O inovador conceito aqui valorizado por Juscelino é o de construir uma
cidade, aproveitando suas características ecológicas naturais, procurando uma
integração que, até então fora totalmente negada ao se construir as cidades da
forma convencional, pelo menos no Brasil.
Em função do meu extenso trabalho como paisagista, e o fsto de ter morado
no Japão na década de 1990, aprendi que no país do sol nascente, quando querem
intervir em uma paisagem e não querem destruir o que já está naturalmente
compondo o cenário, chamam a isso de Shakkei. Assim, Shakkei é uma técnica de
incorporação da intervenção humana em um espaço, aproveitando-se o que já
existe no local.
Veja o que Juscelino fala sobre o que parece lembrar a técnica Shakkei
japonesa:

“A Natureza é, por excelência, pródiga em tudo.

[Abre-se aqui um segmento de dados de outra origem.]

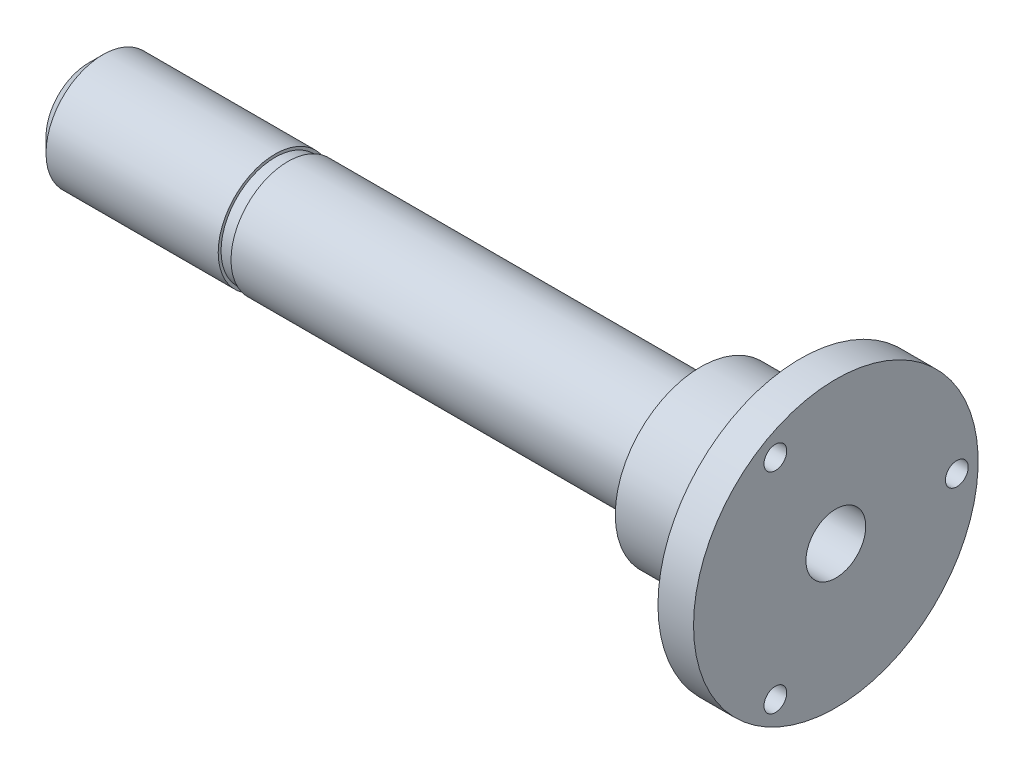
ISO-10303-21;
HEADER;
FILE_DESCRIPTION(('STEP AP214'),'2;1');
FILE_NAME('part.step','',(''),(''),'','','');
FILE_SCHEMA(('AUTOMOTIVE_DESIGN { 1 0 10303 214 1 1 1 1 }'));
ENDSEC;
DATA;
#1=APPLICATION_CONTEXT('core data for automotive mechanical design processes');
#2=APPLICATION_PROTOCOL_DEFINITION('international standard','automotive_design',2000,#1);
#3=PRODUCT_CONTEXT('',#1,'mechanical');
#4=PRODUCT('Part','Part','',(#3));
#5=PRODUCT_RELATED_PRODUCT_CATEGORY('part','',(#4));
#6=PRODUCT_DEFINITION_FORMATION('','',#4);
#7=PRODUCT_DEFINITION_CONTEXT('part definition',#1,'design');
#8=PRODUCT_DEFINITION('design','',#6,#7);
#9=PRODUCT_DEFINITION_SHAPE('','',#8);
#10=(LENGTH_UNIT() NAMED_UNIT(*) SI_UNIT(.MILLI.,.METRE.));
#11=(NAMED_UNIT(*) PLANE_ANGLE_UNIT() SI_UNIT($,.RADIAN.));
#12=(NAMED_UNIT(*) SI_UNIT($,.STERADIAN.) SOLID_ANGLE_UNIT());
#13=UNCERTAINTY_MEASURE_WITH_UNIT(LENGTH_MEASURE(1.E-05),#10,'distance_accuracy_value','');
#14=(GEOMETRIC_REPRESENTATION_CONTEXT(3) GLOBAL_UNCERTAINTY_ASSIGNED_CONTEXT((#13)) GLOBAL_UNIT_ASSIGNED_CONTEXT((#10,
#11,#12)) REPRESENTATION_CONTEXT('',''));
#15=CARTESIAN_POINT('',(0.,0.,0.));
#16=DIRECTION('',(0.,0.,1.));
#17=DIRECTION('',(1.,0.,0.));
#18=AXIS2_PLACEMENT_3D('',#15,#16,#17);
#19=CARTESIAN_POINT('',(-49.9999999999545,2.73826333105213E-11,-2.86084968126802E-11));
#20=DIRECTION('',(1.,0.,5.72169936254125E-13));
#21=DIRECTION('',(5.72169936254125E-13,0.,-1.));
#22=AXIS2_PLACEMENT_3D('',#19,#20,#21);
#23=CONICAL_SURFACE('',#22,2.99999999999626,0.785398163397446);
#24=CARTESIAN_POINT('',(-48.9999999999782,2.73826333105213E-11,-2.80363268764396E-11));
#25=DIRECTION('',(-1.,0.,-5.72169936254125E-13));
#26=DIRECTION('',(-5.72169936254125E-13,0.,1.));
#27=AXIS2_PLACEMENT_3D('',#24,#25,#26);
#28=CIRCLE('',#27,3.99999999997262);
#29=CARTESIAN_POINT('',(-48.9999999999805,2.73826333105213E-11,3.99999999994458));
#30=VERTEX_POINT('',#29);
#31=EDGE_CURVE('E78',#30,#30,#28,.T.);
#32=ORIENTED_EDGE('',*,*,#31,.T.);
#33=EDGE_LOOP('',(#32));
#34=FACE_BOUND('',#33,.T.);
#35=CARTESIAN_POINT('',(-49.9999999999545,2.73826333105213E-11,-2.86084968126802E-11));
#36=DIRECTION('',(-1.,0.,-5.72169936254125E-13));
#37=DIRECTION('',(-5.72169936254125E-13,0.,1.));
#38=AXIS2_PLACEMENT_3D('',#35,#36,#37);
#39=CIRCLE('',#38,2.99999999999626);
#40=CARTESIAN_POINT('',(-49.9999999999562,2.73826333105213E-11,2.99999999996766));
#41=VERTEX_POINT('',#40);
#42=EDGE_CURVE('E10',#41,#41,#39,.T.);
#43=ORIENTED_EDGE('',*,*,#42,.F.);
#44=EDGE_LOOP('',(#43));
#45=FACE_BOUND('',#44,.T.);
#46=ADVANCED_FACE('F32',(#34,#45),#23,.T.);
#47=CARTESIAN_POINT('',(-49.9999999999545,2.1,-2.86084968126802E-11));
#48=DIRECTION('',(-1.,0.,-5.72169936254125E-13));
#49=DIRECTION('',(-5.72169936254125E-13,0.,1.));
#50=AXIS2_PLACEMENT_3D('',#47,#48,#49);
#51=PLANE('',#50);
#52=ORIENTED_EDGE('',*,*,#42,.T.);
#53=EDGE_LOOP('',(#52));
#54=FACE_BOUND('',#53,.T.);
#55=CARTESIAN_POINT('',(-49.9999999999545,2.73826333105213E-11,-2.86084968126802E-11));
#56=DIRECTION('',(-1.,0.,-5.72169936254125E-13));
#57=DIRECTION('',(-5.72169936254125E-13,0.,1.));
#58=AXIS2_PLACEMENT_3D('',#55,#56,#57);
#59=CIRCLE('',#58,2.09999999997262);
#60=CARTESIAN_POINT('',(-49.9999999999557,2.73826333105213E-11,2.09999999994401));
#61=VERTEX_POINT('',#60);
#62=EDGE_CURVE('E38',#61,#61,#59,.T.);
#63=ORIENTED_EDGE('',*,*,#62,.F.);
#64=EDGE_LOOP('',(#63));
#65=FACE_BOUND('',#64,.T.);
#66=ADVANCED_FACE('F180',(#54,#65),#51,.T.);
#67=CARTESIAN_POINT('',(-4.25521625320939E-11,2.73826333105213E-11,0.));
#68=DIRECTION('',(-1.,0.,-5.72169936254125E-13));
#69=DIRECTION('',(-5.72169936254125E-13,0.,1.));
#70=AXIS2_PLACEMENT_3D('',#67,#68,#69);
#71=CYLINDRICAL_SURFACE('',#70,2.09999999997263);
#72=ORIENTED_EDGE('',*,*,#62,.T.);
#73=EDGE_LOOP('',(#72));
#74=FACE_BOUND('',#73,.T.);
#75=CARTESIAN_POINT('',(2.5,2.73826333105213E-11,1.43042484063531E-12));
#76=DIRECTION('',(-1.,0.,-5.72169936254125E-13));
#77=DIRECTION('',(-5.72169936254125E-13,0.,1.));
#78=AXIS2_PLACEMENT_3D('',#75,#76,#77);
#79=CIRCLE('',#78,2.09999999997265);
#80=CARTESIAN_POINT('',(2.4999999999988,2.73826333105213E-11,2.09999999997408));
#81=VERTEX_POINT('',#80);
#82=EDGE_CURVE('E42',#81,#81,#79,.T.);
#83=ORIENTED_EDGE('',*,*,#82,.F.);
#84=EDGE_LOOP('',(#83));
#85=FACE_BOUND('',#84,.T.);
#86=ADVANCED_FACE('F107',(#74,#85),#71,.F.);
#87=CARTESIAN_POINT('',(2.5,10.0000000000274,1.43042484063531E-12));
#88=DIRECTION('',(1.,0.,5.72169936254125E-13));
#89=DIRECTION('',(5.72169936254125E-13,0.,-1.));
#90=AXIS2_PLACEMENT_3D('',#87,#88,#89);
#91=PLANE('',#90);
#92=CARTESIAN_POINT('',(2.50000000000486,0.,-8.49999999999857));
#93=DIRECTION('',(1.,0.,5.72169936254125E-13));
#94=DIRECTION('',(5.72169936254125E-13,0.,-1.));
#95=AXIS2_PLACEMENT_3D('',#92,#93,#94);
#96=CIRCLE('',#95,0.799999999999999);
#97=CARTESIAN_POINT('',(2.50000000000532,0.,-9.29999999999857));
#98=VERTEX_POINT('',#97);
#99=EDGE_CURVE('E96',#98,#98,#96,.T.);
#100=ORIENTED_EDGE('',*,*,#99,.F.);
#101=EDGE_LOOP('',(#100));
#102=FACE_BOUND('',#101,.T.);
#103=CARTESIAN_POINT('',(2.49999999999757,7.36121593216771,4.25000000000147));
#104=DIRECTION('',(1.,0.,5.72169936254125E-13));
#105=DIRECTION('',(5.72169936254125E-13,0.,-1.));
#106=AXIS2_PLACEMENT_3D('',#103,#104,#105);
#107=CIRCLE('',#106,0.799999999999999);
#108=CARTESIAN_POINT('',(2.49999999999802,7.36121593216771,3.45000000000147));
#109=VERTEX_POINT('',#108);
#110=EDGE_CURVE('E90',#109,#109,#107,.T.);
#111=ORIENTED_EDGE('',*,*,#110,.F.);
#112=EDGE_LOOP('',(#111));
#113=FACE_BOUND('',#112,.T.);
#114=CARTESIAN_POINT('',(2.49999999999757,-7.36121593216771,4.25000000000146));
#115=DIRECTION('',(1.,0.,5.72169936254125E-13));
#116=DIRECTION('',(5.72169936254125E-13,0.,-1.));
#117=AXIS2_PLACEMENT_3D('',#114,#115,#116);
#118=CIRCLE('',#117,0.799999999999999);
#119=CARTESIAN_POINT('',(2.49999999999802,-7.36121593216771,3.45000000000146));
#120=VERTEX_POINT('',#119);
#121=EDGE_CURVE('E84',#120,#120,#118,.T.);
#122=ORIENTED_EDGE('',*,*,#121,.F.);
#123=EDGE_LOOP('',(#122));
#124=FACE_BOUND('',#123,.T.);
#125=ORIENTED_EDGE('',*,*,#82,.T.);
#126=EDGE_LOOP('',(#125));
#127=FACE_BOUND('',#126,.T.);
#128=CARTESIAN_POINT('',(2.5,2.73826333105213E-11,1.43042484063531E-12));
#129=DIRECTION('',(-1.,0.,-5.72169936254125E-13));
#130=DIRECTION('',(-5.72169936254125E-13,0.,1.));
#131=AXIS2_PLACEMENT_3D('',#128,#129,#130);
#132=CIRCLE('',#131,10.);
#133=CARTESIAN_POINT('',(2.49999999999428,2.73826333105213E-11,10.0000000000015));
#134=VERTEX_POINT('',#133);
#135=EDGE_CURVE('E46',#134,#134,#132,.T.);
#136=ORIENTED_EDGE('',*,*,#135,.F.);
#137=EDGE_LOOP('',(#136));
#138=FACE_BOUND('',#137,.T.);
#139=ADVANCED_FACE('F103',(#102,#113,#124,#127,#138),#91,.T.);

Se há necessidade de que uma árvore seja curva, para
fazer frente ao azorrague do vento, ela a faz retorcida
desde as raízes. Comunica-lhe sua preocupação de
fechá-la sobre si mesma, quer no tronco que sustenta a
fronde, quer nas folhas, que se formam como conchas.
O artista, porém, estiliza a forma que a natureza lhe
oferece como inspiração. Poda os excessos. Suaviza os
contornos. Comunica harmonia e equilíbrio onde há
desordem. E, assim, transforma o barroco, criado como
uma defesa contra a intempérie, na diafanidade de um
estilo linear, tendo como objetivo um êxtase visual.
Dentro dessa lógica de raciocínio, é que fora concebido
o Palácio da Alvorada” (Kubistchek, 2000, pág. 184).

Essa concepção de intervenção na natureza é milenar na cultura japonesa, e


a minha maior surpresa, foi identificar essa virtude na concepção do palácio da
Alvorada, descrita por Juscelino, principalmente quando ele diz que o seu objetivo é
o “êxtase visual”. Nada mais sugestivo do que a técnica Shakkei para dar
fundamento às duas concepções, já que tanto uma quanto a outra quer preservar o
patrimônio natural da região, implementando uma forma de intervenção que busca
a harmonia entre dois elementos distintos, ditados por dois momentos distintos, a
natureza e suas formas, e a inspiração do artista em realizar obras arquitetônicas.
A busca da harmonia é um traço muito importante na concepção dos
projetos arquitetônicos japoneses, e nesse caso parece que foi isso que a
concepção do projeto do palácio da Alvorada intentou buscar, quem sabe inspirado
pela paz de espírito proporcionada pela beleza rupestre do bioma Cerrado, que
também o deve ter proporcionado em vários momentos uma sensação Zen, para
que a sabedoria de suas decisões fosse lapidada, e a milenar técnica japonesa fosse
reeditada de forma espontânea do outro lado do planeta.

Bráulio Antonio Calvoso Silva é professor de literatura, formado UnB e


pesquisador sem vínculo institucional em história e antropologia.
Está revisando o livro Cerrado: 11 mil anos em histórias – uma perspectiva
socioambiental da ocupação do Cerrado.